In the resonance pattern 4 shown in FIG. 2, on the open-end side of the open loop shape, the line pattern portions 4-1, 4-1 are extended substantially at right angles to the reference line Rx, apart from the reference line Rx, and in directions opposite to each other so as to have the open ends 4A, 4B in the tip ends. The open ends 4A, 4B correspond to the ends of the electrical conductive pattern 10, and are referred to as the open ends as described above in this specification so as to mean that the loop is open. The straight line pattern portions 4-2, 4-2 are extended along the reference line Rx from the base portions of the line pattern portions 4-1, 4-1 disposed in the vicinity of the reference line Rx so that the lines 4-1, 4-2 form the L shape. Moreover, the straight line pattern portions 4-3, 4-3 are extended from the straight line pattern portions 4-2, 4-2 substantially at right angles to the reference line Rx, apart from the reference line Rx, and in the opposite directions so that the line pattern portions 4-2, 4-3 form the L shape. Similarly, the straight line pattern portions 4-4, 4-4 are extended along the reference line Rx from the line pattern portions 4-3, 4-3 so that the lines 4-3, 4-4 form the L shape. In this manner, the line 4-j crossing at right angles to the reference line Rx is combined with the line 4-k extending along the reference line Rx in the L shape, and the pattern 4 bent along the reference line is extended. That is, the line pattern portions 4-1 to 4-3 are arranged so that, as shown in FIG. 2, the bend relating to the L-shaped combination proceeds along the reference line Rx. Moreover, on a closed-end side of the pattern 4, a pair of lines 4-n, 4-n crossing at right angles to or intersecting with the reference line Rx are substantially linearly connected to each other to cross the reference line Rx.

Here, the straight line pattern will be described as an example. It is also possible to replace the corner of the pattern with a curve. Moreover, the pattern by the curve is also possible.

As shown in FIG. 3, the excitation lines 8-1, 8-2 are extended along the reference line Rx in the upper surface of the substrate 2, and the pattern 4 of the resonator shown in FIG. 2 is disposed between the excitation lines 8-1, 8-2. The resonator shown in FIG. 3 has a pass characteristic of half-wavelength resonance as shown in FIG. 4. When an input signal is input from one of the excitation lines 8-1, 8-2, an output signal is output from the other line in accordance with the half-wavelength resonance pass characteristic shown in FIG. 4.
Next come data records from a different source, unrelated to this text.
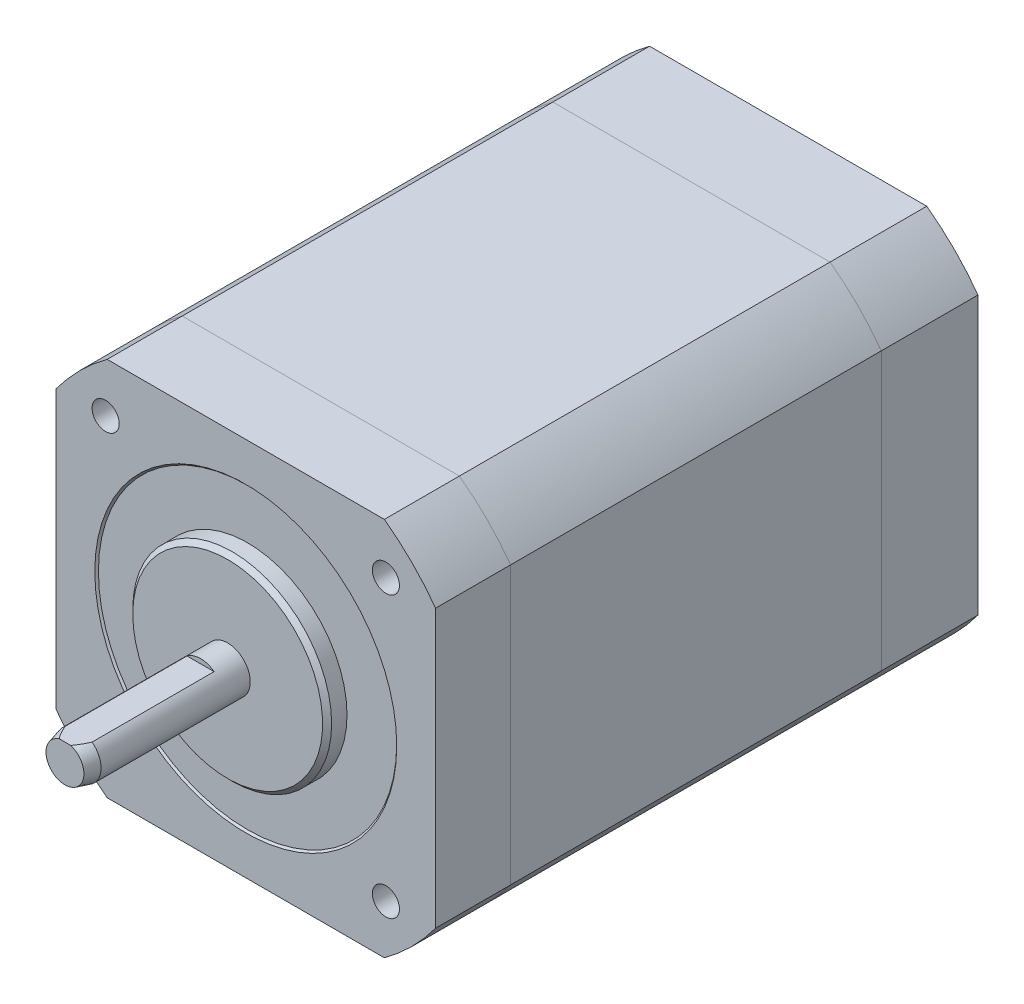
ISO-10303-21;
HEADER;
FILE_DESCRIPTION(('STEP AP214'),'2;1');
FILE_NAME('part.step','',(''),(''),'','','');
FILE_SCHEMA(('AUTOMOTIVE_DESIGN { 1 0 10303 214 1 1 1 1 }'));
ENDSEC;
DATA;
#1=APPLICATION_CONTEXT('core data for automotive mechanical design processes');
#2=APPLICATION_PROTOCOL_DEFINITION('international standard','automotive_design',2000,#1);
#3=PRODUCT_CONTEXT('',#1,'mechanical');
#4=PRODUCT('Part','Part','',(#3));
#5=PRODUCT_RELATED_PRODUCT_CATEGORY('part','',(#4));
#6=PRODUCT_DEFINITION_FORMATION('','',#4);
#7=PRODUCT_DEFINITION_CONTEXT('part definition',#1,'design');
#8=PRODUCT_DEFINITION('design','',#6,#7);
#9=PRODUCT_DEFINITION_SHAPE('','',#8);
#10=(LENGTH_UNIT() NAMED_UNIT(*) SI_UNIT(.MILLI.,.METRE.));
#11=(NAMED_UNIT(*) PLANE_ANGLE_UNIT() SI_UNIT($,.RADIAN.));
#12=(NAMED_UNIT(*) SI_UNIT($,.STERADIAN.) SOLID_ANGLE_UNIT());
#13=UNCERTAINTY_MEASURE_WITH_UNIT(LENGTH_MEASURE(1.E-05),#10,'distance_accuracy_value','');
#14=(GEOMETRIC_REPRESENTATION_CONTEXT(3) GLOBAL_UNCERTAINTY_ASSIGNED_CONTEXT((#13)) GLOBAL_UNIT_ASSIGNED_CONTEXT((#10,
#11,#12)) REPRESENTATION_CONTEXT('',''));
#15=CARTESIAN_POINT('',(0.,0.,0.));
#16=DIRECTION('',(0.,0.,1.));
#17=DIRECTION('',(1.,0.,0.));
#18=AXIS2_PLACEMENT_3D('',#15,#16,#17);
#19=CARTESIAN_POINT('',(-8.39999999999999,-25.6,-51.8));
#20=DIRECTION('',(1.,0.,0.));
#21=DIRECTION('',(0.,0.,-1.));
#22=AXIS2_PLACEMENT_3D('',#19,#20,#21);
#23=PLANE('',#22);
#24=DIRECTION('',(0.,0.,-1.));
#25=VECTOR('',#24,1.);
#26=CARTESIAN_POINT('',(-8.39999999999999,-21.,-51.8));
#27=LINE('',#26,#25);
#28=CARTESIAN_POINT('',(-8.39999999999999,-21.,-51.8));
#29=VERTEX_POINT('',#28);
#30=CARTESIAN_POINT('',(-8.39999999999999,-21.,-62.));
#31=VERTEX_POINT('',#30);
#32=EDGE_CURVE('E112',#29,#31,#27,.T.);
#33=ORIENTED_EDGE('',*,*,#32,.T.);
#34=DIRECTION('',(0.,1.,0.));
#35=VECTOR('',#34,1.);
#36=CARTESIAN_POINT('',(-8.39999999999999,-25.6,-62.));
#37=LINE('',#36,#35);
#38=CARTESIAN_POINT('',(-8.39999999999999,-25.6,-62.));
#39=VERTEX_POINT('',#38);
#40=EDGE_CURVE('E13',#39,#31,#37,.T.);
#41=ORIENTED_EDGE('',*,*,#40,.F.);
#42=DIRECTION('',(0.,0.,-1.));
#43=VECTOR('',#42,1.);
#44=CARTESIAN_POINT('',(-8.39999999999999,-25.6,-51.8));
#45=LINE('',#44,#43);
#46=CARTESIAN_POINT('',(-8.39999999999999,-25.6,-51.8));
#47=VERTEX_POINT('',#46);
#48=EDGE_CURVE('E100',#47,#39,#45,.T.);
#49=ORIENTED_EDGE('',*,*,#48,.F.);
#50=DIRECTION('',(0.,1.,0.));
#51=VECTOR('',#50,1.);
#52=CARTESIAN_POINT('',(-8.39999999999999,-25.6,-51.8));
#53=LINE('',#52,#51);
#54=EDGE_CURVE('E108',#47,#29,#53,.T.);
#55=ORIENTED_EDGE('',*,*,#54,.T.);
#56=EDGE_LOOP('',(#33,#41,#49,#55));
#57=FACE_BOUND('',#56,.T.);
#58=ADVANCED_FACE('F49',(#57),#23,.F.);
#59=CARTESIAN_POINT('',(-8.39999999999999,-25.6,-62.));
#60=DIRECTION('',(0.,0.,1.));
#61=DIRECTION('',(1.,0.,0.));
#62=AXIS2_PLACEMENT_3D('',#59,#60,#61);
#63=PLANE('',#62);
#64=DIRECTION('',(1.,0.,0.));
#65=VECTOR('',#64,1.);
#66=CARTESIAN_POINT('',(-8.39999999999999,-21.,-62.));
#67=LINE('',#66,#65);
#68=CARTESIAN_POINT('',(8.40000000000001,-21.,-62.));
#69=VERTEX_POINT('',#68);
#70=EDGE_CURVE('E104',#31,#69,#67,.T.);
#71=ORIENTED_EDGE('',*,*,#70,.T.);
#72=DIRECTION('',(0.,1.,0.));
#73=VECTOR('',#72,1.);
#74=CARTESIAN_POINT('',(8.40000000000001,-25.6,-62.));
#75=LINE('',#74,#73);
#76=CARTESIAN_POINT('',(8.40000000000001,-25.6,-62.));
#77=VERTEX_POINT('',#76);
#78=EDGE_CURVE('E57',#77,#69,#75,.T.);
#79=ORIENTED_EDGE('',*,*,#78,.F.);
#80=DIRECTION('',(1.,0.,0.));
#81=VECTOR('',#80,1.);
#82=CARTESIAN_POINT('',(-8.39999999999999,-25.6,-62.));
#83=LINE('',#82,#81);
#84=EDGE_CURVE('E95',#39,#77,#83,.T.);
#85=ORIENTED_EDGE('',*,*,#84,.F.);
#86=ORIENTED_EDGE('',*,*,#40,.T.);
#87=EDGE_LOOP('',(#71,#79,#85,#86));
#88=FACE_BOUND('',#87,.T.);
#89=ADVANCED_FACE('F103',(#88),#63,.F.);
#90=CARTESIAN_POINT('',(8.40000000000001,-25.6,-51.8));
#91=DIRECTION('',(-1.,0.,0.));
#92=DIRECTION('',(0.,-1.,0.));
#93=AXIS2_PLACEMENT_3D('',#90,#91,#92);
#94=PLANE('',#93);
#95=DIRECTION('',(0.,0.,1.));
#96=VECTOR('',#95,1.);
#97=CARTESIAN_POINT('',(8.40000000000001,-21.,-51.8));
#98=LINE('',#97,#96);
#99=CARTESIAN_POINT('',(8.40000000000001,-21.,-51.8));
#100=VERTEX_POINT('',#99);
#101=EDGE_CURVE('E82',#69,#100,#98,.T.);
#102=ORIENTED_EDGE('',*,*,#101,.T.);
#103=DIRECTION('',(0.,1.,0.));
#104=VECTOR('',#103,1.);
#105=CARTESIAN_POINT('',(8.40000000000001,-25.6,-51.8));
#106=LINE('',#105,#104);
#107=CARTESIAN_POINT('',(8.40000000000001,-25.6,-51.8));
#108=VERTEX_POINT('',#107);
#109=EDGE_CURVE('E105',#108,#100,#106,.T.);
#110=ORIENTED_EDGE('',*,*,#109,.F.);
#111=DIRECTION('',(0.,0.,1.));
#112=VECTOR('',#111,1.);
#113=CARTESIAN_POINT('',(8.40000000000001,-25.6,-51.8));
#114=LINE('',#113,#112);
#115=EDGE_CURVE('E98',#77,#108,#114,.T.);
#116=ORIENTED_EDGE('',*,*,#115,.F.);
#117=ORIENTED_EDGE('',*,*,#78,.T.);
#118=EDGE_LOOP('',(#102,#110,#116,#117));
#119=FACE_BOUND('',#118,.T.);
#120=ADVANCED_FACE('F106',(#119),#94,.F.);
#121=CARTESIAN_POINT('',(-8.39999999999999,-25.6,-51.8));
#122=DIRECTION('',(0.,0.,-1.));
#123=DIRECTION('',(-1.,0.,0.));
#124=AXIS2_PLACEMENT_3D('',#121,#122,#123);
#125=PLANE('',#124);
#126=DIRECTION('',(-1.,0.,0.));
#127=VECTOR('',#126,1.);
#128=CARTESIAN_POINT('',(-8.39999999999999,-21.,-51.8));
#129=LINE('',#128,#127);
#130=EDGE_CURVE('E88',#100,#29,#129,.T.);
#131=ORIENTED_EDGE('',*,*,#130,.T.);
#132=ORIENTED_EDGE('',*,*,#54,.F.);
#133=DIRECTION('',(-1.,0.,0.));
#134=VECTOR('',#133,1.);
#135=CARTESIAN_POINT('',(-8.39999999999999,-25.6,-51.8));
#136=LINE('',#135,#134);
#137=EDGE_CURVE('E65',#108,#47,#136,.T.);
#138=ORIENTED_EDGE('',*,*,#137,.F.);
#139=ORIENTED_EDGE('',*,*,#109,.T.);
#140=EDGE_LOOP('',(#131,#132,#138,#139));
#141=FACE_BOUND('',#140,.T.);
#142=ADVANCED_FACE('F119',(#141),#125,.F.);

In a graph of the half-wavelength resonance pass characteristic shown in FIG. 4, a resonance frequency F0 is 1.93 GHz, resonance wavelength λ is about 60 mm, and a steep half-wavelength resonance pass characteristic is indicated. It is to be noted that the resonance pattern shown in FIG. 2 has the following dimension as one example. That is, in FIG. 2, a distance x1 of the line pattern portion 4-1 between the first tip end 4A and the base end and a distance x2 of the line pattern portion 4-1 between the second tip end 4B and the base portion are set to x1=1.603 mm and x2=1.603 mm, respectively.

For the resonator pattern 4 shown in FIG. 2, when the half-wavelength resonance pass characteristic is adjusted, the resonator pattern 4 is irradiated with a laser beam, and a line portion having a predetermined length is cut/removed from the superconductor micro strip lines 4A, 4B. Either or both of the distance x1 of the line pattern portion 4-1 and the distance x2 of the line pattern portion 4-1 is adjusted by this cutting/removing, and the frequency characteristic of the resonator is adjusted. Therefore, there can be provided a resonator which is subjected to the adjustment of the line length and which has a desired half-wavelength resonance pass characteristic.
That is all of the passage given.